The tongue piece 6b of the drive spring 6 of the armature is the fifth
As shown in the lower part of the figure, the movable yoke 13 is attracted to the iron core 15 by the electric field of the permanent magnet 12, and is therefore in an eccentric state.

During printing, the magnetic coil 16 is momentarily excited, thereby canceling the magnetic field of the permanent magnet 12, and as shown in the upper part of FIG. 5, the drive spring 6 is released from its eccentric state. The dot plate 4 is struck by the dot plate 4, and printing is performed by the dot projection 4a of the dot plate. After printing, the movable yoke 13 is again attracted to the iron core 15, and the tongue piece 6b of the drive spring 6 becomes eccentric. At the same time, the dot plate 4 is returned to its original position by the tongue piece 6b of the return leaf spring 5, and this return position is regulated by the stopper plate 7.

Further, the tongue piece 6b of the armature drive spring 6
is in an eccentric state due to the magnetic field of the permanent magnet 12 as shown in the lower part of FIG. 〓V is provided. During this time, when the eccentric state of the tongue 6b is released during printing due to 〓V, the activation of the tongue into the released state is started in a no-load state, so that the responsiveness of printing is significantly improved.

Further, the periphery of the magnet coil 16 is molded 18 with a highly thermally conductive resin, and a heat dissipation fin 19 is fitted around the yoke 14, and a screw is inserted through a mounting hole in the head frame. The tip is screwed into the fin 19.

Further, the end of each magnet coil 16 is connected to a flexible cable 21 via a terminal 20 projecting rearward from the coil bobbin 17, and this cable connection surface is covered by a head cover 22.

Note that 23 and 24 are nonwoven fabrics (felt) impregnated with lubricating oil to reduce contact friction between the dot plate and the drive spring and the return spring, and to prevent rust.
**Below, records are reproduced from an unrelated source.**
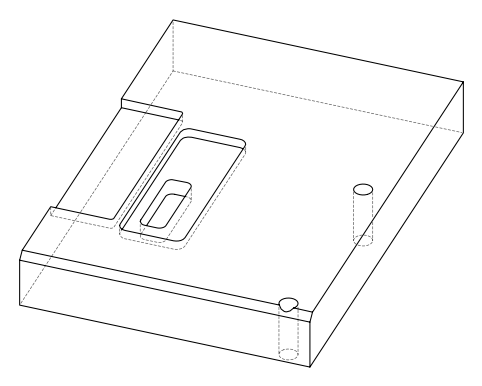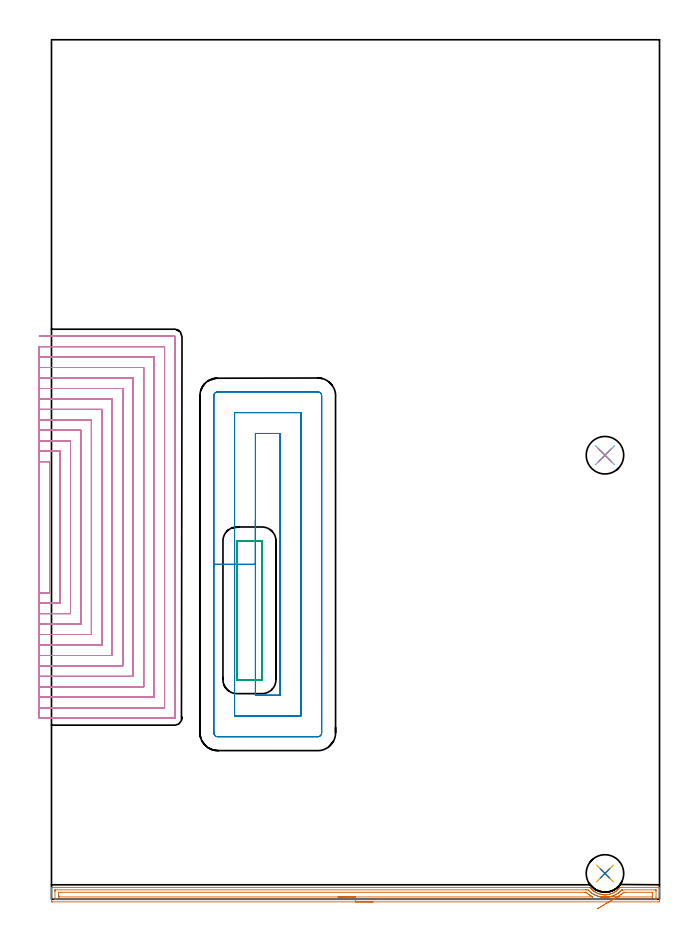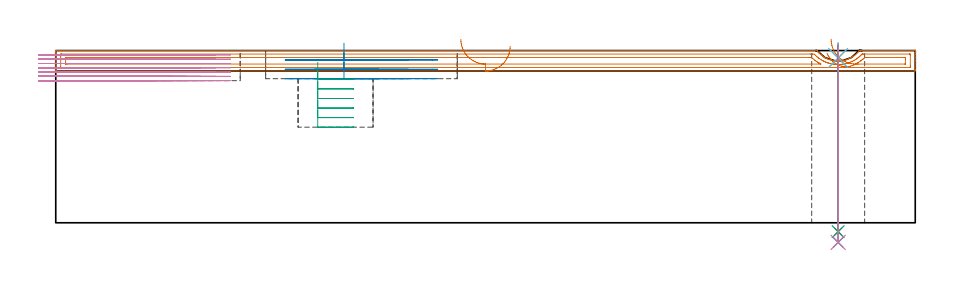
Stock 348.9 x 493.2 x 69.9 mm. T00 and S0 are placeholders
(PLAN: 10 operations, 7 tool changes, 113.7 min)
(1 AREA_MILL | FG_CHAMFER_SURFACE | UGT0205_001 | 8.68 min | 12020 mm3)
(2 MILL_RECTANGULAR_POCKET | POCKET_RECTANGULAR_STRAIGHT | UGT0201_134 | Follow Part, ap 3.975, ae 75% | 8.09 min | 188650 mm3)
(3 MILL_RECTANGULAR_POCKET_1 | POCKET_RECTANGULAR_STRAIGHT_1 | UGT0201_134 | Follow Part, ap 3.975, ae 75% | 2.93 min | 56176 mm3)
(4 MILL_SLOT | SLOT_PARTIAL_RECTANGULAR | NXT0201_009 | Follow Part, ap 2, ae 75% | 92.68 min | 207536 mm3)
(5 SPOT_DRILL | STEP1HOLE | NXT0321_9005460120000 | 0.05 min | 181 mm3)
(6 SPOT_DRILL_1 | STEP1HOLE_1 | NXT0321_9005460120000 | 0.05 min | 129 mm3)
(7 DRILL_THROUGH_HOLE_INTO_CENTER | STEP1HOLE | NXT0301_087 | 0.3 min | 7197 mm3)
(8 DRILL_TO_ENLARGE_THROUGH_HOLE | STEP1HOLE | UGT0301_052 | 0.32 min | 17904 mm3)
(9 DRILL_THROUGH_HOLE_INTO_CENTER_1 | STEP1HOLE_1 | NXT0301_087 | 0.3 min | 7165 mm3)
(10 DRILL_TO_ENLARGE_THROUGH_HOLE_1 | STEP1HOLE_1 | UGT0301_052 | 0.32 min | 17978 mm3)
(TOOL UGT0205_001 | Chamfer Mill 20 x 3 x 45 deg. | D20 FL50 Z2)
(TOOL UGT0201_134 | Carbide End Mill 15.9 | D15.9 FL30 Z4)
(TOOL NXT0201_009 | ENDMILL 8mm [2P460-0800-NA 1630] | D8 FL26 Z6)
(TOOL NXT0321_9005460120000 | NC Spot Drill, 142deg, 12mm, Carbide, Uncoated | D12 PA142 FL30 Z2)
(TOOL NXT0301_087 | Carbide Drill 11.6mm [860.1-1160-058A1-MM 2214] | D11.6 PA140 FL72 Z2)
(TOOL UGT0301_052 | Twist Drill 21.5 mm | D21.5 PA118 FL150 Z2)
(OP 1 AREA_MILL)
G17 G21 G94 G90
T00 M6
G54
G17 G0 G90 X184.45 Y-1.5 S1061 M3
G43 Z79.9 H0
Z71.6
G94 G1 X184.412 Z70.728 F250.
X184.298 Z69.864
X184.109 Z69.012
X183.847 Z68.18
X183.513 Z67.374
X183.11 Z66.6
X182.642 Z65.864
X182.11 Z65.172
X181.521 Z64.529
X180.878 Z63.94
X180.186 Z63.408
X179.45 Z62.94
X178.676 Z62.537
X177.87 Z62.203
X177.038 Z61.941
X176.187 Z61.752
X175.322 Z61.638
X174.45 Z61.6
X0.623
X0.314 Y-1.497 Z61.602
X0.01 Y-1.492 Z61.606
X0. Y-1.184 Z61.913
Y3.541 Z66.636
Y4.972 Z68.068
Y5.323 Z68.418
Y6.026 Z69.126
Y6.338 Z69.438
X0.007 Y6.747 Z69.838
X0.01 Y6.797 Z69.888
X0.176 Y6.8 Z69.9
X308.954
X309.031 Y6.796 Z69.89
X309.127 Y6.691 Z69.791
X309.215 Y6.584 Z69.684
X309.364 Y6.403 Z69.502
X309.786 Y5.922 Z69.02
X309.847 Y5.862 Z68.96
X309.944 Y5.769 Z68.864
X310.22 Y5.496 Z68.596
X310.668 Y5.087 Z68.187
X310.73 Y5.035 Z68.135
X311.141 Y4.717 Z67.816
X311.188 Y4.684 Z67.782
X311.561 Y4.414 Z67.512
X311.964 Y4.151 Z67.249
X312.082 Y4.081 Z67.179
X312.207 Y4.006 Z67.104
X312.454 Y3.865 Z66.965
X312.596 Y3.793 Z66.893
X312.898 Y3.641 Z66.738
X313.348 Y3.431 Z66.531
X313.75 Y3.265 Z66.364
X314.241 Y3.095 Z66.193
X314.686 Y2.96 Z66.056
X315.018 Y2.873 Z65.972
X315.125 Y2.846 Z65.943
X315.134 Y2.843 Z65.941
X315.21 Y2.829 Z65.923
X315.58 Y2.749 Z65.845
X315.995 Y2.677 Z65.776
X316.027 Y2.672 Z65.77
X316.103 Y2.663 Z65.759
X316.194 Y2.65 Z65.749
X316.284 Y2.639 Z65.738
X316.46 Y2.617 Z65.715
X316.473 Y2.615 Z65.713
X316.55 Y2.61 Z65.704
X316.73 Y2.594 Z65.689
X316.92 Y2.579 Z65.672
X316.997 Y2.576 Z65.668
X317.348 Y2.559 Z65.654
X317.367 Y2.558 Z65.653
X317.548 Y2.561 Z65.647
X317.584 Z65.646
X317.814 Z65.647
X317.891 Y2.564 Z65.651
X318.009 Y2.568 Z65.657
X318.078 Y2.57 Z65.662
X318.16 Y2.572 Z65.669
X318.261 Y2.576 Z65.674
X318.707 Y2.615 Z65.71
X318.784 Y2.625 Z65.719
X319.018 Y2.652 Z65.751
X319.154 Y2.669 Z65.768
X319.6 Y2.744 Z65.843
X320.048 Y2.839 Z65.938
X320.493 Y2.954 Z66.051
X320.942 Y3.09 Z66.188
X321.394 Y3.244 Z66.342
X321.453 Y3.266 Z66.363
X321.466 Y3.272 Z66.368
X321.575 Y3.317 Z66.415
X321.868 Y3.44 Z66.537
X322.28 Y3.627 Z66.726
X322.729 Y3.861 Z66.959
X322.806 Y3.905 Z67.001
X323.173 Y4.111 Z67.209
X323.238 Y4.151 Z67.249
X323.656 Y4.428 Z67.526
X324.078 Y4.729 Z67.827
X324.248 Y4.864 Z67.963
X324.465 Y5.036 Z68.135
X324.96 Y5.47 Z68.569
X325.406 Y5.922 Z69.019
X325.853 Y6.417 Z69.515
X326.065 Y6.68 Z69.777
X326.174 Y6.806 Z69.894
X326.816 Y6.8 Z69.9
X348.724
X348.89 Y6.797 Z69.888
X348.893 Y6.747 Z69.838
X348.9 Y6.338 Z69.438
Y6.026 Z69.126
Y5.323 Z68.418
Y4.081 Z67.178
Y2.652 Z65.748
Y-0.914 Z62.183
X348.898 Y-1.186 Z61.911
X348.89 Y-1.492 Z61.606
X348.584 Y-1.499 Z61.599
X174.45 Y-1.5 Z61.6
Y-0.086 Z63.014
X2.411
X2.348 Y-0.085 Z63.015
X2.222 Y-0.082 Z63.018
X2.01 Y-0.075 Z63.025
X2.008 Y-0.023 Z63.077
X2.001 Y0.385 Z63.485
X2. Y4.432 Z67.532
X2.001 Y4.84 Z67.94
X2.008 Y5.323 Z68.423
X2.01 Y5.368 Z68.468
X2.16 Y5.379 Z68.479
X2.285 Y5.384 Z68.484
X2.348 Y5.385 Z68.485
X306.272 Y5.386 Z68.486
X307.106 Y5.383 Z68.483
X307.166 Y5.38 Z68.48
X307.945 Y5.323 Z68.423
X308.06 Y5.209 Z68.309
X308.454 Y4.821 Z67.921
X308.861 Y4.432 Z67.532
X308.954 Y4.348 Z67.448
X309.484 Y3.903 Z67.003
X309.847 Y3.63 Z66.73
X309.88 Y3.607 Z66.707
X309.976 Y3.541 Z66.641
X310.741 Y3.038 Z66.138
X311.431 Y2.65 Z65.75
X311.635 Y2.544 Z65.644
X311.848 Y2.438 Z65.538
X312.528 Y2.137 Z65.237
X312.685 Y2.071 Z65.171
X312.798 Y2.028 Z65.128
X313.422 Y1.805 Z64.905
X313.442 Y1.798 Z64.898
X313.572 Y1.759 Z64.859
X314.316 Y1.556 Z64.656
X314.587 Y1.489 Z64.589
X315.21 Y1.363 Z64.463
X315.685 Y1.285 Z64.385
X316.103 Y1.231 Z64.331
X316.276 Y1.213 Z64.313
X316.846 Y1.169 Z64.269
X316.997 Y1.162 Z64.262
X317.612 Y1.146 Z64.246
X317.891 Y1.148 Z64.248
X318.475 Y1.176 Z64.276
X318.784 Y1.202 Z64.302
X319.289 Y1.256 Z64.356
X319.678 Y1.31 Z64.41
X320.064 Y1.375 Z64.475
X320.572 Y1.481 Z64.581
X320.798 Y1.534 Z64.634
X321.466 Y1.711 Z64.811
X321.503 Y1.721 Z64.821
X321.627 Y1.759 Z64.859
X322.252 Y1.972 Z65.072
X322.359 Y2.012 Z65.112
X322.812 Y2.198 Z65.298
X323.253 Y2.396 Z65.496
X323.769 Y2.65 Z65.75
X324.017 Y2.779 Z65.879
X324.068 Y2.807 Z65.907
X324.147 Y2.852 Z65.952
X324.579 Y3.11 Z66.21
X325.04 Y3.41 Z66.51
X325.118 Y3.464 Z66.564
X325.226 Y3.541 Z66.641
X325.63 Y3.844 Z66.944
X325.934 Y4.084 Z67.184
X326.123 Y4.244 Z67.344
X326.338 Y4.432 Z67.532
X326.593 Y4.666 Z67.766
X326.828 Y4.895 Z67.995
X327.04 Y5.112 Z68.212
X327.245 Y5.323 Z68.423
X327.293 Y5.37 Z68.47
X327.471 Y5.379 Z68.479
X327.596 Y5.384 Z68.484
X327.659 Y5.385 Z68.485
X327.722 Y5.386 Z68.486
X346.489 Y5.385 Z68.485
X346.552
X346.677 Y5.382 Z68.482
X346.89 Y5.375 Z68.475
X346.892 Y5.323 Z68.423
X346.899 Y4.915 Z68.015
X346.9 Y0.868 Z63.968
X346.899 Y0.46 Z63.56
X346.892 Y-0.023 Z63.077
X346.89 Y-0.068 Z63.032
X346.74 Y-0.079 Z63.021
X346.615 Y-0.084 Z63.016
X346.552 Y-0.085 Z63.015
X174.45 Y-0.086 Z63.014
Y1.328 Z64.428
X4.629 Y1.329 Z64.429
X4.198 Y1.331 Z64.431
X4.055 Y1.333 Z64.433
X4.012 Y1.335 Z64.435
X4.007 Y1.43 Z64.53
X4.003 Y1.562 Z64.662
X4.001 Y1.759 Z64.859
X4. Y1.956 Z65.056
X4.002 Y3.736 Z66.836
X4.01 Y3.935 Z67.035
X4.018 Y3.965 Z67.065
X4.037 Y3.967 Z67.067
X4.09 Y3.969 Z67.069
X4.198 Y3.971 Z67.071
X305.841
X306.272 Y3.97 Z67.07
X306.739 Y3.967 Z67.067
X306.837 Y3.964 Z67.064
X307.166 Y3.669 Z66.769
X307.314 Y3.541 Z66.641
X308.06 Y2.919 Z66.019
X308.418 Y2.65 Z65.75
X308.954 Y2.283 Z65.383
X309.271 Y2.074 Z65.174
X309.484 Y1.938 Z65.038
X309.789 Y1.759 Z64.859
X309.847 Y1.726 Z64.826
X309.923 Y1.683 Z64.783
X310.186 Y1.541 Z64.641
X310.446 Y1.401 Z64.501
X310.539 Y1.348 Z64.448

(Effects of the Invention) In the present invention, the vertically bent portions of the dot plate are arranged substantially radially, and the return leaf spring has a plurality of tongues arranged centripetally, and the armature has multiple tongues arranged centripetally, and these structures are organically combined, making the overall structure of a printer using a dot plate smaller, and as a result, cheaper to manufacture. can. Further, since there is a small distance between each tongue of the armature and the rear end of the rising portion of the dot plate, the responsiveness of printing is good.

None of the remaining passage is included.